What is being asked:
Please transcribe exactly, and only, the lines of the data below between the line holding "#2091 = CARTESIAN_POINT" and the line holding "#7648 = AXIS2_PLACEMENT_3D", inclusive.

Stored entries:
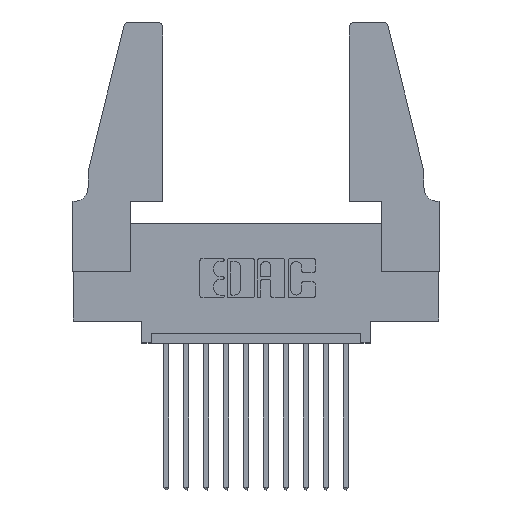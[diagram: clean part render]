
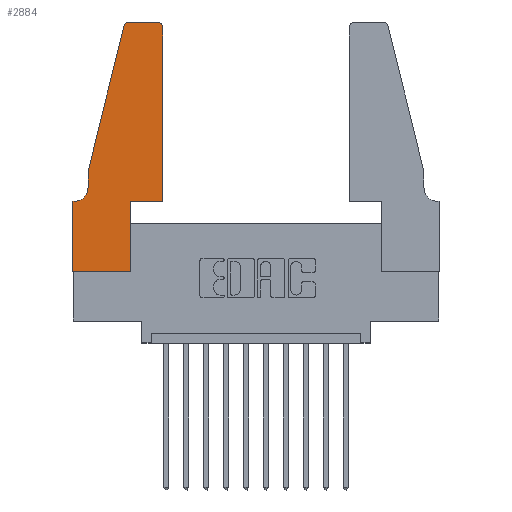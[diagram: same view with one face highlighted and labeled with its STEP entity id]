
A CAD part, top view. The second image highlights one B-rep face of the part: STEP entity #2884.
In plain terms, the highlighted planar face has unit normal (0, 0, 1).
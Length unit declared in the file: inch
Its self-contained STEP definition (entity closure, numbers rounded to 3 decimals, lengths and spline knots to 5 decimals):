
#29 = CARTESIAN_POINT ( 'NONE',  ( 0.2865, 0.35, 0.37 ) ) ;
#145 = LINE ( 'NONE', #1771, #10566 ) ;
#264 = VECTOR ( 'NONE', #11475, 39.37008 ) ;
#322 = AXIS2_PLACEMENT_3D ( 'NONE', #8340, #4215, #11858 ) ;
#350 = EDGE_CURVE ( 'NONE', #7436, #12567, #10413, .T. ) ;
#543 = ORIENTED_EDGE ( 'NONE', *, *, #13548, .T. ) ;
#614 = CARTESIAN_POINT ( 'NONE',  ( 0.2865, 0.35, 0.37 ) ) ;
#729 = LINE ( 'NONE', #6120, #3110 ) ;
#844 = VECTOR ( 'NONE', #7681, 39.37008 ) ;
#951 = VECTOR ( 'NONE', #7058, 39.37008 ) ;
#1074 = EDGE_CURVE ( 'NONE', #11638, #10250, #145, .T. ) ;
#1197 = ORIENTED_EDGE ( 'NONE', *, *, #11548, .T. ) ;
#1418 = VERTEX_POINT ( 'NONE', #29 ) ;
#1538 = VERTEX_POINT ( 'NONE', #4657 ) ;
#1735 = DIRECTION ( 'NONE',  ( 0., 0., -1. ) ) ;
#1771 = CARTESIAN_POINT ( 'NONE',  ( 0., 0., 0.37 ) ) ;
#1780 = LINE ( 'NONE', #6928, #264 ) ;
#2052 = EDGE_LOOP ( 'NONE', ( #7358, #9574, #12502, #6015, #12945, #13895, #11862, #543, #1197, #10156, #3249, #10666 ) ) ;
#2091 = CARTESIAN_POINT ( 'NONE',  ( 0., 0., 0.37 ) ) ;
#2102 = LINE ( 'NONE', #614, #4160 ) ;
#2114 = CIRCLE ( 'NONE', #3457, 0.03 ) ;
#2884 = ADVANCED_FACE ( 'NONE', ( #6073 ), #10430, .T. ) ;
#3110 = VECTOR ( 'NONE', #7028, 39.37008 ) ;
#3249 = ORIENTED_EDGE ( 'NONE', *, *, #4738, .T. ) ;
#3317 = CARTESIAN_POINT ( 'NONE',  ( 0.0755, 0.35, 0.37 ) ) ;
#3360 = VERTEX_POINT ( 'NONE', #12187 ) ;
#3457 = AXIS2_PLACEMENT_3D ( 'NONE', #10304, #4870, #12316 ) ;
#3508 = EDGE_CURVE ( 'NONE', #1418, #3654, #8292, .T. ) ;
#3521 = CARTESIAN_POINT ( 'NONE',  ( 0.284, 1.25, 0.37 ) ) ;
#3654 = VERTEX_POINT ( 'NONE', #13065 ) ;
#3735 = EDGE_CURVE ( 'NONE', #12781, #3360, #6061, .T. ) ;
#3913 = CARTESIAN_POINT ( 'NONE',  ( 0.4505, 0.35, 0.37 ) ) ;
#4008 = DIRECTION ( 'NONE',  ( 1., 0., 0. ) ) ;
#4160 = VECTOR ( 'NONE', #13800, 39.37008 ) ;
#4215 = DIRECTION ( 'NONE',  ( 0., 0., 1. ) ) ;
#4657 = CARTESIAN_POINT ( 'NONE',  ( 0.2865, 0., 0.37 ) ) ;
#4738 = EDGE_CURVE ( 'NONE', #3654, #9921, #729, .T. ) ;
#4870 = DIRECTION ( 'NONE',  ( 0., 0., 1. ) ) ;
#4915 = CARTESIAN_POINT ( 'NONE',  ( 0.0755, 0.5, 0.37 ) ) ;
#5088 = VERTEX_POINT ( 'NONE', #8239 ) ;
#5099 = CARTESIAN_POINT ( 'NONE',  ( 0.4505, 1.22, 0.37 ) ) ;
#5734 = LINE ( 'NONE', #3317, #11729 ) ;
#5951 = DIRECTION ( 'NONE',  ( 0., 0., 1. ) ) ;
#5979 = DIRECTION ( 'NONE',  ( -1., 0., 0. ) ) ;
#6015 = ORIENTED_EDGE ( 'NONE', *, *, #9546, .T. ) ;
#6061 = CIRCLE ( 'NONE', #7648, 0.07 ) ;
#6073 = FACE_OUTER_BOUND ( 'NONE', #2052, .T. ) ;
#6120 = CARTESIAN_POINT ( 'NONE',  ( 0.4505, 0.35, 0.37 ) ) ;
#6133 = AXIS2_PLACEMENT_3D ( 'NONE', #8189, #5951, #6865 ) ;
#6649 = LINE ( 'NONE', #10768, #844 ) ;
#6865 = DIRECTION ( 'NONE',  ( 1., 0., 0. ) ) ;
#6928 = CARTESIAN_POINT ( 'NONE',  ( 0.0755, 0.5, 0.37 ) ) ;
#7028 = DIRECTION ( 'NONE',  ( 0., 1., 0. ) ) ;
#7058 = DIRECTION ( 'NONE',  ( 0., -1., 0. ) ) ;
#7194 = CARTESIAN_POINT ( 'NONE',  ( 0.0055, 0.42, 0.37 ) ) ;
#7358 = ORIENTED_EDGE ( 'NONE', *, *, #350, .T. ) ;
#7436 = VERTEX_POINT ( 'NONE', #7452 ) ;
#7452 = CARTESIAN_POINT ( 'NONE',  ( 0.4205, 1.25, 0.37 ) ) ;
#7487 = CIRCLE ( 'NONE', #6133, 0.03 ) ;
#7648 = AXIS2_PLACEMENT_3D ( 'NONE', #7194, #1735, #12690 ) ;
#7681 = DIRECTION ( 'NONE',  ( 1., 0., 0. ) ) ;
#7960 = LINE ( 'NONE', #4915, #951 ) ;
#8189 = CARTESIAN_POINT ( 'NONE',  ( 0.284, 1.22, 0.37 ) ) ;
#8239 = CARTESIAN_POINT ( 'NONE',  ( 0.0755, 0.5, 0.37 ) ) ;
#8292 = LINE ( 'NONE', #3913, #10675 ) ;
#8305 = CARTESIAN_POINT ( 'NONE',  ( 0.0755, 0.42, 0.37 ) ) ;
#8340 = CARTESIAN_POINT ( 'NONE',  ( 0., 0.35, 0.37 ) ) ;
#8941 = EDGE_CURVE ( 'NONE', #11918, #5088, #1780, .T. ) ;
#9327 = EDGE_CURVE ( 'NONE', #12567, #11918, #7487, .T. ) ;
#9546 = EDGE_CURVE ( 'NONE', #5088, #12781, #7960, .T. ) ;
#9552 = VECTOR ( 'NONE', #5979, 39.37008 ) ;
#9574 = ORIENTED_EDGE ( 'NONE', *, *, #9327, .T. ) ;
#9765 = EDGE_CURVE ( 'NONE', #3360, #11638, #5734, .T. ) ;
#9921 = VERTEX_POINT ( 'NONE', #5099 ) ;
#9983 = CARTESIAN_POINT ( 'NONE',  ( 0.25487, 1.22718, 0.37 ) ) ;
#10156 = ORIENTED_EDGE ( 'NONE', *, *, #3508, .T. ) ;
#10250 = VERTEX_POINT ( 'NONE', #2091 ) ;
#10304 = CARTESIAN_POINT ( 'NONE',  ( 0.4205, 1.22, 0.37 ) ) ;
#10413 = LINE ( 'NONE', #12434, #9552 ) ;
#10430 = PLANE ( 'NONE',  #322 ) ;
#10566 = VECTOR ( 'NONE', #11637, 39.37008 ) ;
#10666 = ORIENTED_EDGE ( 'NONE', *, *, #11415, .T. ) ;
#10675 = VECTOR ( 'NONE', #4008, 39.37008 ) ;
#10768 = CARTESIAN_POINT ( 'NONE',  ( 0., 0., 0.37 ) ) ;
#11415 = EDGE_CURVE ( 'NONE', #9921, #7436, #2114, .T. ) ;
#11475 = DIRECTION ( 'NONE',  ( -0.239, -0.971, 0. ) ) ;
#11548 = EDGE_CURVE ( 'NONE', #1538, #1418, #2102, .T. ) ;
#11637 = DIRECTION ( 'NONE',  ( 0., -1., 0. ) ) ;
#11638 = VERTEX_POINT ( 'NONE', #12518 ) ;
#11729 = VECTOR ( 'NONE', #13019, 39.37008 ) ;
#11858 = DIRECTION ( 'NONE',  ( 1., 0., 0. ) ) ;
#11862 = ORIENTED_EDGE ( 'NONE', *, *, #1074, .T. ) ;
#11918 = VERTEX_POINT ( 'NONE', #9983 ) ;
#12187 = CARTESIAN_POINT ( 'NONE',  ( 0.0055, 0.35, 0.37 ) ) ;
#12316 = DIRECTION ( 'NONE',  ( 1., 0., 0. ) ) ;
#12434 = CARTESIAN_POINT ( 'NONE',  ( 0.2605, 1.25, 0.37 ) ) ;
#12502 = ORIENTED_EDGE ( 'NONE', *, *, #8941, .T. ) ;
#12518 = CARTESIAN_POINT ( 'NONE',  ( 0., 0.35, 0.37 ) ) ;
#12567 = VERTEX_POINT ( 'NONE', #3521 ) ;
#12690 = DIRECTION ( 'NONE',  ( -1., 0., 0. ) ) ;
#12781 = VERTEX_POINT ( 'NONE', #8305 ) ;
#12945 = ORIENTED_EDGE ( 'NONE', *, *, #3735, .T. ) ;
#13019 = DIRECTION ( 'NONE',  ( -1., 0., 0. ) ) ;
#13065 = CARTESIAN_POINT ( 'NONE',  ( 0.4505, 0.35, 0.37 ) ) ;
#13548 = EDGE_CURVE ( 'NONE', #10250, #1538, #6649, .T. ) ;
#13800 = DIRECTION ( 'NONE',  ( 0., 1., 0. ) ) ;
#13895 = ORIENTED_EDGE ( 'NONE', *, *, #9765, .T. ) ;

Problem solution:
#2091 = CARTESIAN_POINT ( 'NONE',  ( 0., 0., 0.37 ) ) ;
#2102 = LINE ( 'NONE', #614, #4160 ) ;
#2114 = CIRCLE ( 'NONE', #3457, 0.03 ) ;
#2884 = ADVANCED_FACE ( 'NONE', ( #6073 ), #10430, .T. ) ;
#3110 = VECTOR ( 'NONE', #7028, 39.37008 ) ;
#3249 = ORIENTED_EDGE ( 'NONE', *, *, #4738, .T. ) ;
#3317 = CARTESIAN_POINT ( 'NONE',  ( 0.0755, 0.35, 0.37 ) ) ;
#3360 = VERTEX_POINT ( 'NONE', #12187 ) ;
#3457 = AXIS2_PLACEMENT_3D ( 'NONE', #10304, #4870, #12316 ) ;
#3508 = EDGE_CURVE ( 'NONE', #1418, #3654, #8292, .T. ) ;
#3521 = CARTESIAN_POINT ( 'NONE',  ( 0.284, 1.25, 0.37 ) ) ;
#3654 = VERTEX_POINT ( 'NONE', #13065 ) ;
#3735 = EDGE_CURVE ( 'NONE', #12781, #3360, #6061, .T. ) ;
#3913 = CARTESIAN_POINT ( 'NONE',  ( 0.4505, 0.35, 0.37 ) ) ;
#4008 = DIRECTION ( 'NONE',  ( 1., 0., 0. ) ) ;
#4160 = VECTOR ( 'NONE', #13800, 39.37008 ) ;
#4215 = DIRECTION ( 'NONE',  ( 0., 0., 1. ) ) ;
#4657 = CARTESIAN_POINT ( 'NONE',  ( 0.2865, 0., 0.37 ) ) ;
#4738 = EDGE_CURVE ( 'NONE', #3654, #9921, #729, .T. ) ;
#4870 = DIRECTION ( 'NONE',  ( 0., 0., 1. ) ) ;
#4915 = CARTESIAN_POINT ( 'NONE',  ( 0.0755, 0.5, 0.37 ) ) ;
#5088 = VERTEX_POINT ( 'NONE', #8239 ) ;
#5099 = CARTESIAN_POINT ( 'NONE',  ( 0.4505, 1.22, 0.37 ) ) ;
#5734 = LINE ( 'NONE', #3317, #11729 ) ;
#5951 = DIRECTION ( 'NONE',  ( 0., 0., 1. ) ) ;
#5979 = DIRECTION ( 'NONE',  ( -1., 0., 0. ) ) ;
#6015 = ORIENTED_EDGE ( 'NONE', *, *, #9546, .T. ) ;
#6061 = CIRCLE ( 'NONE', #7648, 0.07 ) ;
#6073 = FACE_OUTER_BOUND ( 'NONE', #2052, .T. ) ;
#6120 = CARTESIAN_POINT ( 'NONE',  ( 0.4505, 0.35, 0.37 ) ) ;
#6133 = AXIS2_PLACEMENT_3D ( 'NONE', #8189, #5951, #6865 ) ;
#6649 = LINE ( 'NONE', #10768, #844 ) ;
#6865 = DIRECTION ( 'NONE',  ( 1., 0., 0. ) ) ;
#6928 = CARTESIAN_POINT ( 'NONE',  ( 0.0755, 0.5, 0.37 ) ) ;
#7028 = DIRECTION ( 'NONE',  ( 0., 1., 0. ) ) ;
#7058 = DIRECTION ( 'NONE',  ( 0., -1., 0. ) ) ;
#7194 = CARTESIAN_POINT ( 'NONE',  ( 0.0055, 0.42, 0.37 ) ) ;
#7358 = ORIENTED_EDGE ( 'NONE', *, *, #350, .T. ) ;
#7436 = VERTEX_POINT ( 'NONE', #7452 ) ;
#7452 = CARTESIAN_POINT ( 'NONE',  ( 0.4205, 1.25, 0.37 ) ) ;
#7487 = CIRCLE ( 'NONE', #6133, 0.03 ) ;
#7648 = AXIS2_PLACEMENT_3D ( 'NONE', #7194, #1735, #12690 ) ;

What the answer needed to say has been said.